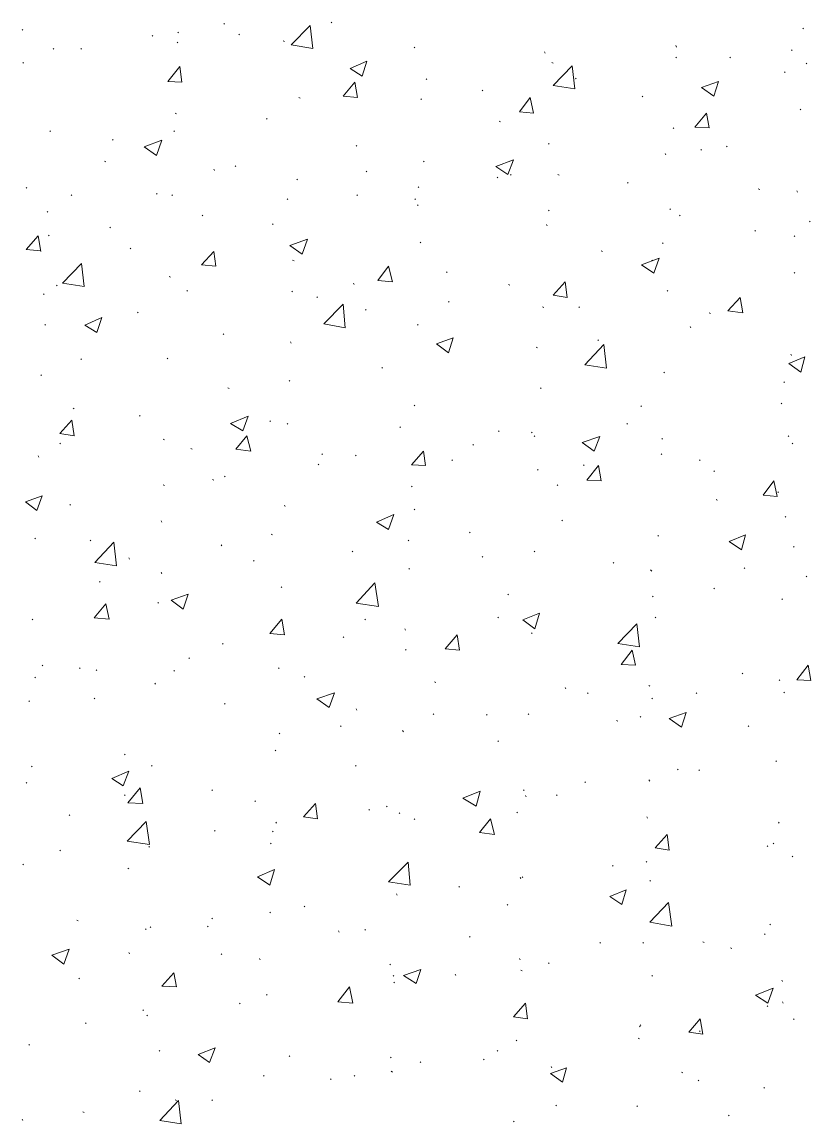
# Model space of a CAD drawing. Header units: millimetres. Extents: x 2928 to 3112, y 1220 to 1280.
# Drawn here: x 2951.34 to 2953.288, y 1247.495 to 1250.217 of the extents above; entities that cross this region are included whole.
import ezdxf

# ---------------------------------------------------------------- set-up
doc = ezdxf.new("R2010")
doc.units = ezdxf.units.MM

msp = doc.modelspace()

# ---------------------------------------------------------------- linework, layer by layer
at = {"color": 92, "linetype": 'Continuous', "lineweight": 13, "true_color": 0x00b800}
for points in [[(2952.1048, 1250.21542), (2952.10314, 1250.21708), (2952.10314, 1250.21708)], [(2951.34146, 1250.19708), (2951.33979, 1250.19875), (2951.33979, 1250.19875)], [(2951.72647, 1250.19042), (2951.7248, 1250.19208), (2951.7248, 1250.19208)], [(2951.8398, 1250.21208), (2951.83813, 1250.21375), (2951.83813, 1250.21375)], [(2952.0048, 1250.16041), (2952.05147, 1250.20875), (2952.05147, 1250.20875)], [(2952.05814, 1250.15208), (2952.05147, 1250.20875), (2952.05147, 1250.20875)], [(2953.26982, 1250.20042), (2953.26815, 1250.20208), (2953.26815, 1250.20208)], [(2951.66313, 1250.18208), (2951.66147, 1250.18375), (2951.66147, 1250.18375)], [(2951.7248, 1250.16542), (2951.72313, 1250.16708), (2951.72313, 1250.16708)], [(2951.87647, 1250.18542), (2951.8748, 1250.18708), (2951.8748, 1250.18708)], [(2951.98814, 1250.16875), (2951.9848, 1250.17042), (2951.9848, 1250.17042)], [(2951.41813, 1250.15041), (2951.41646, 1250.15208), (2951.41646, 1250.15208)], [(2951.48646, 1250.15041), (2951.4848, 1250.15208), (2951.4848, 1250.15208)], [(2952.0048, 1250.16041), (2952.05814, 1250.15208), (2952.05814, 1250.15208)], [(2952.30981, 1250.15375), (2952.30814, 1250.15541), (2952.30814, 1250.15541)], [(2952.63148, 1250.14041), (2952.62981, 1250.14375), (2952.62981, 1250.14375)], [(2952.95648, 1250.15541), (2952.95482, 1250.15875), (2952.95482, 1250.15875)], [(2953.24149, 1250.14708), (2953.23982, 1250.14875), (2953.23982, 1250.14875)], [(2951.34313, 1250.11541), (2951.34146, 1250.11708), (2951.34146, 1250.11708)], [(2951.6998, 1250.07041), (2951.7298, 1250.10708), (2951.7298, 1250.10708)], [(2951.7348, 1250.06875), (2951.7298, 1250.10708), (2951.7298, 1250.10708)], [(2952.14981, 1250.10208), (2952.19147, 1250.12041), (2952.19147, 1250.12041)], [(2952.17981, 1250.08375), (2952.19147, 1250.12041), (2952.19147, 1250.12041)], [(2952.65148, 1250.11541), (2952.64815, 1250.11708), (2952.64815, 1250.11708)], [(2952.65148, 1250.06041), (2952.69815, 1250.10875), (2952.69815, 1250.10875)], [(2952.70481, 1250.05208), (2952.69815, 1250.10875), (2952.69815, 1250.10875)], [(2952.95648, 1250.12875), (2952.95482, 1250.13041), (2952.95482, 1250.13041)], [(2953.08982, 1250.12875), (2953.08815, 1250.13041), (2953.08815, 1250.13041)], [(2953.27815, 1250.11375), (2953.27649, 1250.11541), (2953.27649, 1250.11541)], [(2952.14981, 1250.10208), (2952.17981, 1250.08375), (2952.17981, 1250.08375)], [(2953.22482, 1250.09208), (2953.22315, 1250.09375), (2953.22315, 1250.09375)], [(2951.6998, 1250.07041), (2951.7348, 1250.06875), (2951.7348, 1250.06875)], [(2952.13314, 1250.03375), (2952.16147, 1250.06875), (2952.16147, 1250.06875)], [(2952.16814, 1250.03041), (2952.16147, 1250.06875), (2952.16147, 1250.06875)], [(2952.33981, 1250.07541), (2952.33814, 1250.07708), (2952.33814, 1250.07708)], [(2952.65148, 1250.06041), (2952.70481, 1250.05208), (2952.70481, 1250.05208)], [(2952.70815, 1250.07708), (2952.70648, 1250.07875), (2952.70648, 1250.07875)], [(2953.01815, 1250.05541), (2953.05982, 1250.07041), (2953.05982, 1250.07041)], [(2953.01815, 1250.05541), (2953.04815, 1250.03375), (2953.04815, 1250.03375)], [(2953.04815, 1250.03375), (2953.05982, 1250.07041), (2953.05982, 1250.07041)], [(2952.02647, 1250.02875), (2952.02314, 1250.03041), (2952.02314, 1250.03041)], [(2952.13314, 1250.03375), (2952.16814, 1250.03041), (2952.16814, 1250.03041)], [(2952.32647, 1250.02541), (2952.32481, 1250.02708), (2952.32481, 1250.02708)], [(2952.47814, 1250.04708), (2952.47648, 1250.04875), (2952.47648, 1250.04875)], [(2952.56814, 1249.99541), (2952.59481, 1250.03041), (2952.59481, 1250.03041)], [(2952.60315, 1249.99208), (2952.59481, 1250.03041), (2952.59481, 1250.03041)], [(2952.87315, 1250.03208), (2952.87148, 1250.03375), (2952.87148, 1250.03375)], [(2953.26315, 1250.00041), (2953.26149, 1250.00208), (2953.26149, 1250.00208)], [(2951.72147, 1249.99041), (2951.71813, 1249.99208), (2951.71813, 1249.99208)], [(2951.9448, 1249.97708), (2951.94314, 1249.97875), (2951.94314, 1249.97875)], [(2952.52148, 1249.97041), (2952.51814, 1249.97208), (2952.51814, 1249.97208)], [(2952.56814, 1249.99541), (2952.60315, 1249.99208), (2952.60315, 1249.99208)], [(2953.00148, 1249.95708), (2953.02982, 1249.99208), (2953.02982, 1249.99208)], [(2953.03648, 1249.95541), (2953.02982, 1249.99208), (2953.02982, 1249.99208)], [(2951.40979, 1249.94708), (2951.40813, 1249.94875), (2951.40813, 1249.94875)], [(2951.71647, 1249.94708), (2951.7148, 1249.94875), (2951.7148, 1249.94875)], [(2952.94982, 1249.95375), (2952.94815, 1249.95541), (2952.94815, 1249.95541)], [(2953.00148, 1249.95708), (2953.03648, 1249.95541), (2953.03648, 1249.95541)], [(2951.5648, 1249.92541), (2951.56313, 1249.92708), (2951.56313, 1249.92708)], [(2951.64146, 1249.90874), (2951.6848, 1249.92541), (2951.6848, 1249.92541)], [(2951.67147, 1249.88708), (2951.6848, 1249.92541), (2951.6848, 1249.92541)], [(2952.64148, 1249.91541), (2952.63981, 1249.91708), (2952.63981, 1249.91708)], [(2951.64146, 1249.90874), (2951.67147, 1249.88708), (2951.67147, 1249.88708)], [(2952.16647, 1249.91041), (2952.16481, 1249.91208), (2952.16481, 1249.91208)], [(2952.92982, 1249.88874), (2952.92815, 1249.89208), (2952.92815, 1249.89208)], [(2953.01815, 1249.90041), (2953.01648, 1249.90208), (2953.01648, 1249.90208)], [(2953.08149, 1249.90874), (2953.07982, 1249.91041), (2953.07982, 1249.91041)], [(2951.54646, 1249.87208), (2951.54313, 1249.87374), (2951.54313, 1249.87374)], [(2951.86813, 1249.86041), (2951.86647, 1249.86208), (2951.86647, 1249.86208)], [(2952.33314, 1249.87208), (2952.33147, 1249.87374), (2952.33147, 1249.87374)], [(2952.50981, 1249.86041), (2952.55314, 1249.87708), (2952.55314, 1249.87708)], [(2952.53981, 1249.84041), (2952.55314, 1249.87708), (2952.55314, 1249.87708)], [(2951.8148, 1249.85041), (2951.81313, 1249.85374), (2951.81313, 1249.85374)], [(2952.19147, 1249.84708), (2952.18981, 1249.84874), (2952.18981, 1249.84874)], [(2952.50981, 1249.86041), (2952.53981, 1249.84041), (2952.53981, 1249.84041)], [(2952.54814, 1249.83874), (2952.54648, 1249.84041), (2952.54648, 1249.84041)], [(2952.66648, 1249.83874), (2952.66315, 1249.84041), (2952.66315, 1249.84041)], [(2951.35146, 1249.80708), (2951.34979, 1249.80874), (2951.34979, 1249.80874)], [(2952.0198, 1249.82708), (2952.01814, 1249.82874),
+ + + + +
◆ **PROBLEM**: Your answer should consist of the lines of the listing that contain "units", copied as they stand.

◆ **WRITTEN RESPONSE**:
# Model space of a CAD drawing. Header units: millimetres. Extents: x 2928 to 3112, y 1220 to 1280.
doc.units = ezdxf.units.MM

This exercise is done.